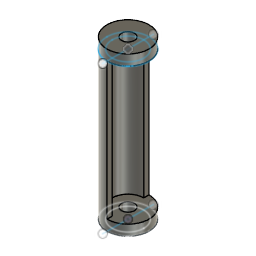
Support (Autodesk Fusion 360 design; units mm, degrees)
part number: 2026-06-24-14-55-54-877
Autodesk Fusion 360 part; units mm, degrees
note: some values were not read from the file. Set by a fixed rule: the direction of a hole.
sketch "Sketch1" plane through (0, 0, 0) normal (0, 0, 1) x (1, 0, 0)
  circle A0 centre (0, 0) radius 5
  circle A1 centre (0, 0) radius 3.75
  line L0 (0, 6) -> (0, -6)
  dimension "d1" = 10
  dimension "d10" = 7.5
  constraint coincident A0.centre A1.centre
  constraint concentric A0 A1
  constraint vertical L0
  measures "d1" diameter of A0
  measures "d10" diameter of A1
extrude "Extrude1" add sketch "Sketch1" along normal blind 2.5
extrude "Extrude2" add sketch "Sketch1" along normal blind 35 contours A0 A1 L0 picked at (-0.2484, 4.5647)
sketch "Sketch4" plane through (0, 0, 35) normal (0, 0, 1) x (-1, 0, 0)
  line L0 (0, -3.75) -> (0, -5)
  arc A0 (0, -5) -> (0, 5) centre (0, 0) ccw
  line L1 (0, 5) -> (0, 3.75)
  arc A1 (0, -3.75) -> (0, 3.75) centre (0, 0) ccw
  line L2 (0, 6) -> (0, -6)
  circle A2 centre (0, 0) radius 5
  circle A3 centre (0, 0) radius 3.75
  dimension "d13" = 10
  dimension "d14" = 7.5
  constraint coincident A0.centre A1.centre
  constraint concentric A2 A3
  constraint vertical L2
  measures "d13" diameter of A2
  measures "d14" diameter of A3
extrude "Extrude3" add sketch "Sketch4" along normal blind 2.5
hole "Hole3" at (0, 0, 35) direction (0, 0, 1) diameter 3.05 end through all
hole "Hole4" at (0, 0, 0) direction (0, 0, 1) diameter 3.05 end through all
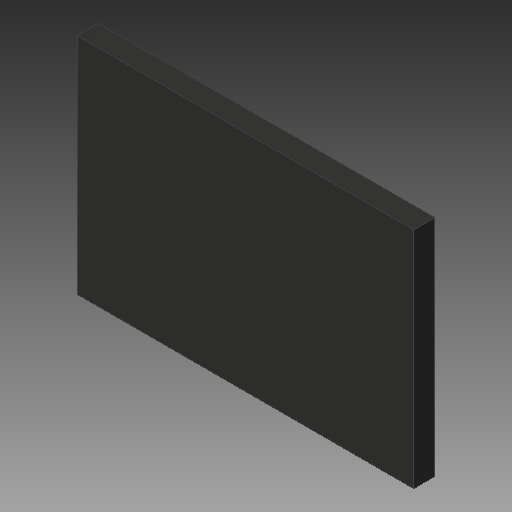
# Autodesk Inventor part: speaker-base-sorbothane
Saved by Autodesk Inventor 2019 (Build 230136000, 136)
## iProperties
Created: 2019-04-15
Part Number: speaker-base-sorbothane
Material: Rubber
Document SubType Name: Modeling
Designer: Wilson Lab
Density: 0.93 g/cm^3
Appearance: Rubber - Black
Author: Wilson Lab
Autodesk Inventor part; units mm, degrees
ref_plane "YZ Plane" through (0, 0, 0) normal (1, 0, 0) x (0, 1, 0)
ref_plane "XZ Plane" through (0, 0, 0) normal (0, 1, 0) x (-1, 0, 0)
ref_plane "XY Plane" through (0, 0, 0) normal (0, 0, 1) x (1, 0, 0)
ref_plane "Work Plane1" through (0, 0, 0) normal (0, 0, 1) x (1, 0, 0)
sketch "Sketch1" plane through (0, 0, 0) normal (0, 0, 1) x (1, 0, 0)
  line L0 (-63.5, -38.1) -> (-63.5, 38.1) construction
  line L1 (-19.05, -38.1) -> (-63.5, -38.1) construction
  line L2 (19.05, -38.1) -> (-19.05, -38.1) construction
  line L3 (63.5, -38.1) -> (19.05, -38.1) construction
  line L4 (63.5, 38.1) -> (63.5, -38.1) construction
  line L5 (19.05, 38.1) -> (63.5, 38.1) construction
  line L6 (-19.05, 38.1) -> (19.05, 38.1) construction
  line L7 (-63.5, 38.1) -> (-19.05, 38.1) construction
  line L8 (-76, 50.6) -> (-76, -50.6)
  line L9 (-76, -50.6) -> (-19.05, -50.6)
  line L10 (-19.05, -50.6) -> (19.05, -50.6)
  line L11 (19.05, -50.6) -> (76, -50.6)
  line L12 (76, -50.6) -> (76, 50.6)
  line L13 (76, 50.6) -> (19.05, 50.6)
  line L14 (19.05, 50.6) -> (-19.05, 50.6)
  line L15 (-19.05, 50.6) -> (-76, 50.6)
  point P0 (0, 0)
  dimension "d0" = 12.5
  constraints: 16 end point, 7 other
  measures "d0" distance between parallel lines of L14 L6
extrude "Extrusion1" add sketch "Sketch1" along normal blind 9.525
body "Solid1"

· · · · ·

**Work instruction:** Whenever a line in the records contains the word "blind", copy that line.

**Expected output:**
extrude "Extrude1" add sketch "Sketch1" along normal blind 2.5
extrude "Extrude2" add sketch "Sketch1" along normal blind 35 contours A0 A1 L0 picked at (-0.2484, 4.5647)
extrude "Extrude3" add sketch "Sketch4" along normal blind 2.5
extrude "Extrusion1" add sketch "Sketch1" along normal blind 9.525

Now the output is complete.